**Description of the task:**
All lines holding the word "ByBlock" are to be copied from the records beneath.

Data records:

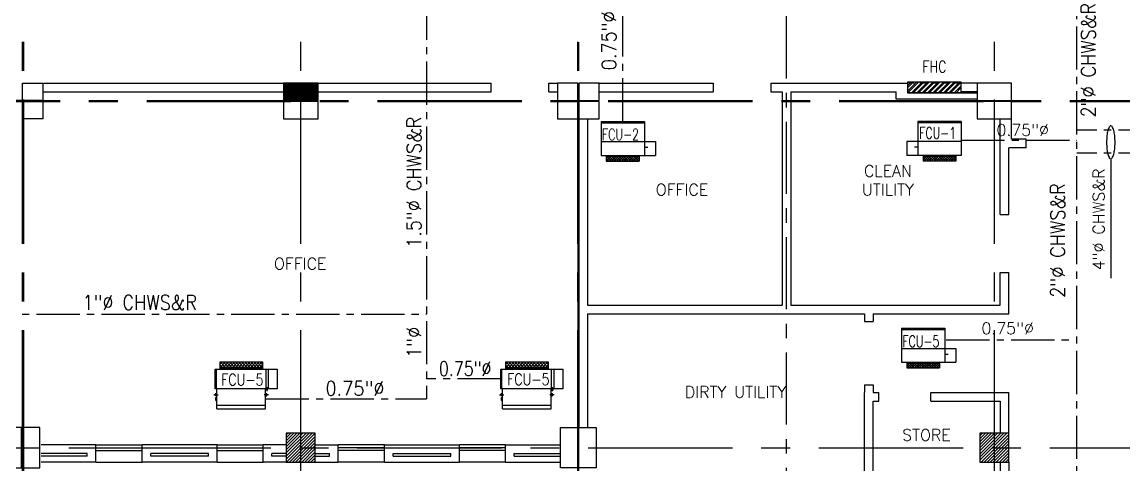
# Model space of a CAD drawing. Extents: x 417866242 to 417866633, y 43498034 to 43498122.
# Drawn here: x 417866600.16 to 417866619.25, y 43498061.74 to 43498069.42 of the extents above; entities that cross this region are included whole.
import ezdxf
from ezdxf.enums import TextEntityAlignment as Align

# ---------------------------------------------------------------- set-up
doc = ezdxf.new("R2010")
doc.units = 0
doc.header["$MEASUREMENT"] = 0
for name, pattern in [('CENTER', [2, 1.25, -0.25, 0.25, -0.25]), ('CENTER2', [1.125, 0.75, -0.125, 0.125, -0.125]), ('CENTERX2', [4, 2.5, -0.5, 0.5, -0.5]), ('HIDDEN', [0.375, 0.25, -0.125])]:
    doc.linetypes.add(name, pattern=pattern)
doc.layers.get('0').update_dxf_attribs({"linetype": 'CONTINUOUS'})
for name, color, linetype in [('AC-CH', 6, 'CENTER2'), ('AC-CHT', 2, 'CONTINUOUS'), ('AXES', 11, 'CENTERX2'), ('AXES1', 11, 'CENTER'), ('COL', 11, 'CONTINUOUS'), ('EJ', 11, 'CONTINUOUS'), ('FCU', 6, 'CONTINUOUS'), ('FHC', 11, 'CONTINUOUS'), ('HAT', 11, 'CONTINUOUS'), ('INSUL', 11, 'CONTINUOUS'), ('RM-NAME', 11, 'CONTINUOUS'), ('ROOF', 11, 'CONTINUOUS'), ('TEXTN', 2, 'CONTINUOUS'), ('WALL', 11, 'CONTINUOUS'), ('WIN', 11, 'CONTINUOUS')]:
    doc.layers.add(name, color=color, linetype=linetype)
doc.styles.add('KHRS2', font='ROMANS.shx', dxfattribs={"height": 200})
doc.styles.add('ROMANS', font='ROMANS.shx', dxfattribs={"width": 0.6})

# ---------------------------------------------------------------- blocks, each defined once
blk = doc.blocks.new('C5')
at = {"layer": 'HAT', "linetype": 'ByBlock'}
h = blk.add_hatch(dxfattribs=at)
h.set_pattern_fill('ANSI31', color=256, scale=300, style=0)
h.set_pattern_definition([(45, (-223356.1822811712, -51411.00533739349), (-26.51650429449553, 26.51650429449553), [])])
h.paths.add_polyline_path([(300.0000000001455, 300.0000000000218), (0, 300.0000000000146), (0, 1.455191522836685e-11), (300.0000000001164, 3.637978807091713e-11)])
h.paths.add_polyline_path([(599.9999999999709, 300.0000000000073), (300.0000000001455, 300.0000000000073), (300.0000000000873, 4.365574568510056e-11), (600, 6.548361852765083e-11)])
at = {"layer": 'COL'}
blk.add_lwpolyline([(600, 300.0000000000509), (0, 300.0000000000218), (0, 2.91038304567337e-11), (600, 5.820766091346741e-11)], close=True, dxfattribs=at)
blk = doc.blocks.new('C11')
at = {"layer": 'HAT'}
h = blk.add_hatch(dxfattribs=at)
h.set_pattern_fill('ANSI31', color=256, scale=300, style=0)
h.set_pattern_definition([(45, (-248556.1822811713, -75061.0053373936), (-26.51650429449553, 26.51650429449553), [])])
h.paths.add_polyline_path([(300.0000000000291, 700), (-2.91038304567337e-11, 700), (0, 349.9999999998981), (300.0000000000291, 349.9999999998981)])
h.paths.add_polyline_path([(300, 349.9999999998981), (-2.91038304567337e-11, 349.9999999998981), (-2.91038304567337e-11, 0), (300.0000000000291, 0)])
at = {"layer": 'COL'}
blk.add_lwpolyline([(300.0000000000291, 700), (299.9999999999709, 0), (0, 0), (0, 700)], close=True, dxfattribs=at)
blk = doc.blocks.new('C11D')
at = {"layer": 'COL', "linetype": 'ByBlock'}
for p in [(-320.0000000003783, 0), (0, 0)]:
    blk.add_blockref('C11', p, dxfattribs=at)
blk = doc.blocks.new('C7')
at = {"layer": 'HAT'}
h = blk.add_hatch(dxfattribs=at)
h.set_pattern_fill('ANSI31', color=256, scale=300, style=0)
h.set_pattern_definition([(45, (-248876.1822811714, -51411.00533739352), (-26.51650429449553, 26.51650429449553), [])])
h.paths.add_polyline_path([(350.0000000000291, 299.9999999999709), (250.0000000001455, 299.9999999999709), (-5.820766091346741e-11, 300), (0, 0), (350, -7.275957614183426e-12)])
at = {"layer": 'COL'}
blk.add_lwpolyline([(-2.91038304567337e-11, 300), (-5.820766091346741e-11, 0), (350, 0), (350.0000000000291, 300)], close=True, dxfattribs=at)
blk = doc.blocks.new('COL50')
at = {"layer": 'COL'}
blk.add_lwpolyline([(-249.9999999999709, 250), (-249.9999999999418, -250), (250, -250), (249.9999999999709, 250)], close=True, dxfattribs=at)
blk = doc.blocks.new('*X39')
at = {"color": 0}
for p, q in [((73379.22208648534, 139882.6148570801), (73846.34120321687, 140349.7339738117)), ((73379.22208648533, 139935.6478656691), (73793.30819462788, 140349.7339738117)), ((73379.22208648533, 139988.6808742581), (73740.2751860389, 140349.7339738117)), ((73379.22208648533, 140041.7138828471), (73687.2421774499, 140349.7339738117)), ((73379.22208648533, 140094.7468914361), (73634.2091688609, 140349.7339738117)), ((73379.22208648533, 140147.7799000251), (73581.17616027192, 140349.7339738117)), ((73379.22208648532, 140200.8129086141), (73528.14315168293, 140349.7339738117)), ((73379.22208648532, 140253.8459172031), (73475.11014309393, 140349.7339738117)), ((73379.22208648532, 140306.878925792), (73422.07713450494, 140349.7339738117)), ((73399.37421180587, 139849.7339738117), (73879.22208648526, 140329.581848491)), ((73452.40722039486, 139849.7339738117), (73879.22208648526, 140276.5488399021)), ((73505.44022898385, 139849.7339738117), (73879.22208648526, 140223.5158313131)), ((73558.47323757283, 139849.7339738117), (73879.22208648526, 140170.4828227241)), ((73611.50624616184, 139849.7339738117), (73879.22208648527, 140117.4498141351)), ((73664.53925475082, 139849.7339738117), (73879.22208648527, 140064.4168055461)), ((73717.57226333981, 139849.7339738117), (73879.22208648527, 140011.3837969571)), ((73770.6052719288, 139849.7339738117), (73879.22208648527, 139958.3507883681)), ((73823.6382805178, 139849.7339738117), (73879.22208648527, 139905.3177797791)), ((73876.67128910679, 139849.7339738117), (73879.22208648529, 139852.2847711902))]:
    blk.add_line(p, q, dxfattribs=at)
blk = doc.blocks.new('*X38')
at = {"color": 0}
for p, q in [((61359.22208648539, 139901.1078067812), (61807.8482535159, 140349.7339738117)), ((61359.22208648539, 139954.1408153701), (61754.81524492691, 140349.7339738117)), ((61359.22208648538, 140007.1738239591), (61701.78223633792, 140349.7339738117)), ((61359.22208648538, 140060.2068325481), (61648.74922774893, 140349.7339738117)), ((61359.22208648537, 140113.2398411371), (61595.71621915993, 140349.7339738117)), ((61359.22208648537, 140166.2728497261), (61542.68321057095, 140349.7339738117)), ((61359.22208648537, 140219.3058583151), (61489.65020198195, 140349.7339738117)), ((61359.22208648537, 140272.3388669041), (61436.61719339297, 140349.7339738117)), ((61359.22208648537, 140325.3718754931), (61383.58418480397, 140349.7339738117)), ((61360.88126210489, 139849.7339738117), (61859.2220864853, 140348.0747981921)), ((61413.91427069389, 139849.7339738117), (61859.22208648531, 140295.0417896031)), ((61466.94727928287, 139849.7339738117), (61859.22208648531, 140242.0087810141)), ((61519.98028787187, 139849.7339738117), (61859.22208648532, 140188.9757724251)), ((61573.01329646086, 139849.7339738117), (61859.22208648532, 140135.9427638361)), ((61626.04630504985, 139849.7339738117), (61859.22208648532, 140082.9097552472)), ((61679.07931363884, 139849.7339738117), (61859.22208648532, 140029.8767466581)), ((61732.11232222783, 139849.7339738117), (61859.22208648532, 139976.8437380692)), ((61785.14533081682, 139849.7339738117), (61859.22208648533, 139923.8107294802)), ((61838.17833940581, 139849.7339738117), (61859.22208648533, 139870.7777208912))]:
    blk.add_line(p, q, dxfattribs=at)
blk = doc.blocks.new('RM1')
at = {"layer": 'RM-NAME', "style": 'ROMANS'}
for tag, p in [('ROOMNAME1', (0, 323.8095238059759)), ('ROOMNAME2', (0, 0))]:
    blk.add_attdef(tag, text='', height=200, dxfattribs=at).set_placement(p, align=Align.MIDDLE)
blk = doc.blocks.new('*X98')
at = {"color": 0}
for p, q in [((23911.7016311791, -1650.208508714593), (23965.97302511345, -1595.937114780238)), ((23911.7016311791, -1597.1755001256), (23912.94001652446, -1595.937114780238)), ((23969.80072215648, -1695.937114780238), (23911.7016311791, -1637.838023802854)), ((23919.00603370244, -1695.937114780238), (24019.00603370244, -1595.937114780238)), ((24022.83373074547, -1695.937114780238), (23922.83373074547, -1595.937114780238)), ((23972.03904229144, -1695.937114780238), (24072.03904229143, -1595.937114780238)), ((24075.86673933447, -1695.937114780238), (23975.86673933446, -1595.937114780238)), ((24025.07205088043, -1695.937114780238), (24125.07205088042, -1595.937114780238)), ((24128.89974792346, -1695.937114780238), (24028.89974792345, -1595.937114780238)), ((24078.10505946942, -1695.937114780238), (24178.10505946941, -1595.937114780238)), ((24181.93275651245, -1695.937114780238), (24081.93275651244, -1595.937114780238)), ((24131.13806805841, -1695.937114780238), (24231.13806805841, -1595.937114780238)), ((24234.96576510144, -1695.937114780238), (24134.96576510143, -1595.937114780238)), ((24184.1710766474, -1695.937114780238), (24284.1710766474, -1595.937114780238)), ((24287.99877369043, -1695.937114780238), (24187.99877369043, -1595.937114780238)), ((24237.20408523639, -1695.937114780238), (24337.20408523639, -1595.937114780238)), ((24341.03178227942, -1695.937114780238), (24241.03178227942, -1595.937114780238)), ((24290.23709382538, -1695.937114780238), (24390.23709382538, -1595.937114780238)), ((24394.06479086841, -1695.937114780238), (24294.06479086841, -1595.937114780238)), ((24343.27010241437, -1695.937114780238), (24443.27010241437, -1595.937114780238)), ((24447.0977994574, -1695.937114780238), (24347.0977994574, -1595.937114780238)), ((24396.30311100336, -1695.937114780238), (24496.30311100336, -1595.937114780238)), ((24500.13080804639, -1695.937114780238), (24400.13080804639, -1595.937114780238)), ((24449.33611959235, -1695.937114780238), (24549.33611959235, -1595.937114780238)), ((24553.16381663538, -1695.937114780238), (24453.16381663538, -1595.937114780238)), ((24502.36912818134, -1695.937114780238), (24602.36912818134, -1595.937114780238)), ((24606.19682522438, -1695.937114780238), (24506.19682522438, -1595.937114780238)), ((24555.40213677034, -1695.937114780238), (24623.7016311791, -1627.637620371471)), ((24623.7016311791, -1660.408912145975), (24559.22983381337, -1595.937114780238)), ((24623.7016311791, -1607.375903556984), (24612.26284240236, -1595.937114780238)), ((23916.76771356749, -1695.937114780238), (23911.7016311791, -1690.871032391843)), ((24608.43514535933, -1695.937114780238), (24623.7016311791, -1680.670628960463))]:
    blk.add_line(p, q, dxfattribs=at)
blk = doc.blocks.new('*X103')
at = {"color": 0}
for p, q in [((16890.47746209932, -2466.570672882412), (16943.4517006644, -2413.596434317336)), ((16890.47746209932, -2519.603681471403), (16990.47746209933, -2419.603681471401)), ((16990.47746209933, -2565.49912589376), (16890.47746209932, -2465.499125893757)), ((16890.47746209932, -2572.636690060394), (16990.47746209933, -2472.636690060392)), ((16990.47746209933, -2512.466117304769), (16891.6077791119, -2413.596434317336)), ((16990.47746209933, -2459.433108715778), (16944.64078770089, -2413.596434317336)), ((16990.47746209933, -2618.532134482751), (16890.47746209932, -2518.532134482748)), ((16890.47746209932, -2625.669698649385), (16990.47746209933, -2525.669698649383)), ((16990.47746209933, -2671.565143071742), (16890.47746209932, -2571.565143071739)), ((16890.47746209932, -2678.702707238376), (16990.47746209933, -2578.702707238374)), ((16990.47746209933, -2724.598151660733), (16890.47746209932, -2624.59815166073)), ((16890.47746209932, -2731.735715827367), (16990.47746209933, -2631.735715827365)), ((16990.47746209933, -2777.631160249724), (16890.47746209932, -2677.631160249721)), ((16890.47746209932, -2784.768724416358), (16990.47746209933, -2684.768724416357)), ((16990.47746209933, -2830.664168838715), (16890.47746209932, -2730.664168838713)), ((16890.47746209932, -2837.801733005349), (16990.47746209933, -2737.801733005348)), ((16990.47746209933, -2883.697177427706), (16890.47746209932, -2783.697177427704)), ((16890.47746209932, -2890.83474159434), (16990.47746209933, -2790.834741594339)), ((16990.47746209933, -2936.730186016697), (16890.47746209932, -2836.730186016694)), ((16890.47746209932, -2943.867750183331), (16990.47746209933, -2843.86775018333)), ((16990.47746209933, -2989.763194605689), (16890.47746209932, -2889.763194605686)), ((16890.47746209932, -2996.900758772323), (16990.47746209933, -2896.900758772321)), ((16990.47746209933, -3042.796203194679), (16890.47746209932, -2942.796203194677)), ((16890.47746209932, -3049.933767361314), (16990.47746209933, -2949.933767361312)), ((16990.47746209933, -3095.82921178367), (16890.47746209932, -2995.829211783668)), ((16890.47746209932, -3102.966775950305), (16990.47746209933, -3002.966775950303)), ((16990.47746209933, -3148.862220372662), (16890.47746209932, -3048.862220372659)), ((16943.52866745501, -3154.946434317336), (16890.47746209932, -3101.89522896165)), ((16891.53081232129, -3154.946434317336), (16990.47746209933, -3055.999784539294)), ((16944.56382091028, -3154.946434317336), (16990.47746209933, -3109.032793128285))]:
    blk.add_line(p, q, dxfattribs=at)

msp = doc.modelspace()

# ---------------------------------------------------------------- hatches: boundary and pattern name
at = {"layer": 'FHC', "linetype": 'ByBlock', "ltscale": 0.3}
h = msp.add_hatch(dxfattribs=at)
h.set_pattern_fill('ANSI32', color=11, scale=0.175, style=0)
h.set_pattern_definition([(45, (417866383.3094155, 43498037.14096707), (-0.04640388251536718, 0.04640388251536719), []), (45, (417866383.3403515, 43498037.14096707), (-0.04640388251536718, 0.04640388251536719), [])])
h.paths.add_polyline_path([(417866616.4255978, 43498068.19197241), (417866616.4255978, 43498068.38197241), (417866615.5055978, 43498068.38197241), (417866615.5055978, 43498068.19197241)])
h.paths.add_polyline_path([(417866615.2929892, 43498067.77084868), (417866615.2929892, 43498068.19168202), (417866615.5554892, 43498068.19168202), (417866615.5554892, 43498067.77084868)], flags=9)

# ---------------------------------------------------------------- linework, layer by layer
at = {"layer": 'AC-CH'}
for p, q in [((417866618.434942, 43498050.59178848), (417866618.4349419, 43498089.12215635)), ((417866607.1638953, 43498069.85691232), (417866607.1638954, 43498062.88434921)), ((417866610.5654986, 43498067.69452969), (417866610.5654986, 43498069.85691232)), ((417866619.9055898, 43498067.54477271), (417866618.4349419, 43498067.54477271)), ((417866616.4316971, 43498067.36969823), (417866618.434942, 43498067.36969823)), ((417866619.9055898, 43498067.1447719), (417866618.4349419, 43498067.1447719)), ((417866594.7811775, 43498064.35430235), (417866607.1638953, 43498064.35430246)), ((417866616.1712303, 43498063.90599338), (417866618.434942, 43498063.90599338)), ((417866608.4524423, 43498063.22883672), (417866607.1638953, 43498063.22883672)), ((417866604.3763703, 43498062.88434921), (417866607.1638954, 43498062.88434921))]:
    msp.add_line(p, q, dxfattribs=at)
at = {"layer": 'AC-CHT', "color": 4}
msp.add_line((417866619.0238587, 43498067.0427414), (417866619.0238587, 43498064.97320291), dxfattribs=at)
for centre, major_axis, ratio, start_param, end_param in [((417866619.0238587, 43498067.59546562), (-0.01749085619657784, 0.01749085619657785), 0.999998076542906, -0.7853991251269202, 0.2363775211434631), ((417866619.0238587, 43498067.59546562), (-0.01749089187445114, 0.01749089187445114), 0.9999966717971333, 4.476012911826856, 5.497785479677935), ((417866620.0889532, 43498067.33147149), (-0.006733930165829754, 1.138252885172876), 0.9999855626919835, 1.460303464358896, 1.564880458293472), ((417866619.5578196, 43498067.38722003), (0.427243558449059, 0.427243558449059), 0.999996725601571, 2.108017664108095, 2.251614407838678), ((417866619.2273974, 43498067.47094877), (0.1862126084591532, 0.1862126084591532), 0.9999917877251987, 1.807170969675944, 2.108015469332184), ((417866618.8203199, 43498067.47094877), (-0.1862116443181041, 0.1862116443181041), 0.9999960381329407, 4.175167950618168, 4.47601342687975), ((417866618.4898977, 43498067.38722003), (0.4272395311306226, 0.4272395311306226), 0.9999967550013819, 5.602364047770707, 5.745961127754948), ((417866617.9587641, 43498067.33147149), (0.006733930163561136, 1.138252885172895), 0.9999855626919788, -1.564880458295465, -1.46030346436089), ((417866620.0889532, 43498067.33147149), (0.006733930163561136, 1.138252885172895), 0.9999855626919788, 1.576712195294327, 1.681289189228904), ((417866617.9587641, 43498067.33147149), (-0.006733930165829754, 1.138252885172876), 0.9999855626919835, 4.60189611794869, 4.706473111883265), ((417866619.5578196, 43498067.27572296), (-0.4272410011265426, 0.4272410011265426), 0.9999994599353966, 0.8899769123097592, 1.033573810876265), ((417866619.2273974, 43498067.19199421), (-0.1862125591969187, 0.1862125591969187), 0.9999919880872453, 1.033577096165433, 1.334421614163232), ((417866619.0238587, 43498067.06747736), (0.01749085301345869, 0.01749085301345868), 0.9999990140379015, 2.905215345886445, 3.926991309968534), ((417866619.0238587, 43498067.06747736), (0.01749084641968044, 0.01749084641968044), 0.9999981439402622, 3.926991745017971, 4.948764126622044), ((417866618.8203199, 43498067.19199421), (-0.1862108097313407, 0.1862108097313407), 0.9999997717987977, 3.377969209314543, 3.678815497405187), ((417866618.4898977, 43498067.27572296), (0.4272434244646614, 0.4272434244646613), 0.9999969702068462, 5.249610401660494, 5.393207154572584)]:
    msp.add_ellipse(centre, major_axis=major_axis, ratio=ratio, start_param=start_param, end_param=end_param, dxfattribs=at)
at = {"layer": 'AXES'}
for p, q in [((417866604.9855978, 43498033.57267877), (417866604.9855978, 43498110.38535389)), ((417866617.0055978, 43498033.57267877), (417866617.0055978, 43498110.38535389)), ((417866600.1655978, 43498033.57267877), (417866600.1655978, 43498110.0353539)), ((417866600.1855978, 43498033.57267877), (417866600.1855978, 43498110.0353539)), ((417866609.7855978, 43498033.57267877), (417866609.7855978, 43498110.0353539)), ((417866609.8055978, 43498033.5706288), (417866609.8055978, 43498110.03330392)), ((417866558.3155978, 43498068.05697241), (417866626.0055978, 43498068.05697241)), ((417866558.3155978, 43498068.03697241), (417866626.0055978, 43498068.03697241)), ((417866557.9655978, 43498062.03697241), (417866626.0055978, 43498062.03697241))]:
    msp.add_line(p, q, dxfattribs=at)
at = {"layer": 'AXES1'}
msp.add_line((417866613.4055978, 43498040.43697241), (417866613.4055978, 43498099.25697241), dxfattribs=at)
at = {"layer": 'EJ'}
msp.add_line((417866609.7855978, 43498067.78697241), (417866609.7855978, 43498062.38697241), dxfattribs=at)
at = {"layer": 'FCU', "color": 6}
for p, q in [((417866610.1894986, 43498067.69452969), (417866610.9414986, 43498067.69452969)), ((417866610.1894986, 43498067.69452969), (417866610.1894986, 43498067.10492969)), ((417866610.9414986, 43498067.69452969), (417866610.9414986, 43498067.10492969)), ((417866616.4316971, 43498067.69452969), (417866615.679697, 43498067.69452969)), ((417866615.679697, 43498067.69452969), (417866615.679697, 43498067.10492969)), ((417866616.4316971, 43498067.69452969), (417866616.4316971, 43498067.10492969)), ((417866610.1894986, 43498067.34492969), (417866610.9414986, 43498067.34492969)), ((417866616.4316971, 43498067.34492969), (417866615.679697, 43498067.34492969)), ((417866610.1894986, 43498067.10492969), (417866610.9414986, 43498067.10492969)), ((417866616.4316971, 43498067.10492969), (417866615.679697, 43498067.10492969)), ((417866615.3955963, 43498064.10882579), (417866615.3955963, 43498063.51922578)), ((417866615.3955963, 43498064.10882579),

**Result for this task:**
at = {"layer": 'HAT', "linetype": 'ByBlock'}
at = {"layer": 'COL', "linetype": 'ByBlock'}
at = {"layer": 'FHC', "linetype": 'ByBlock', "ltscale": 0.3}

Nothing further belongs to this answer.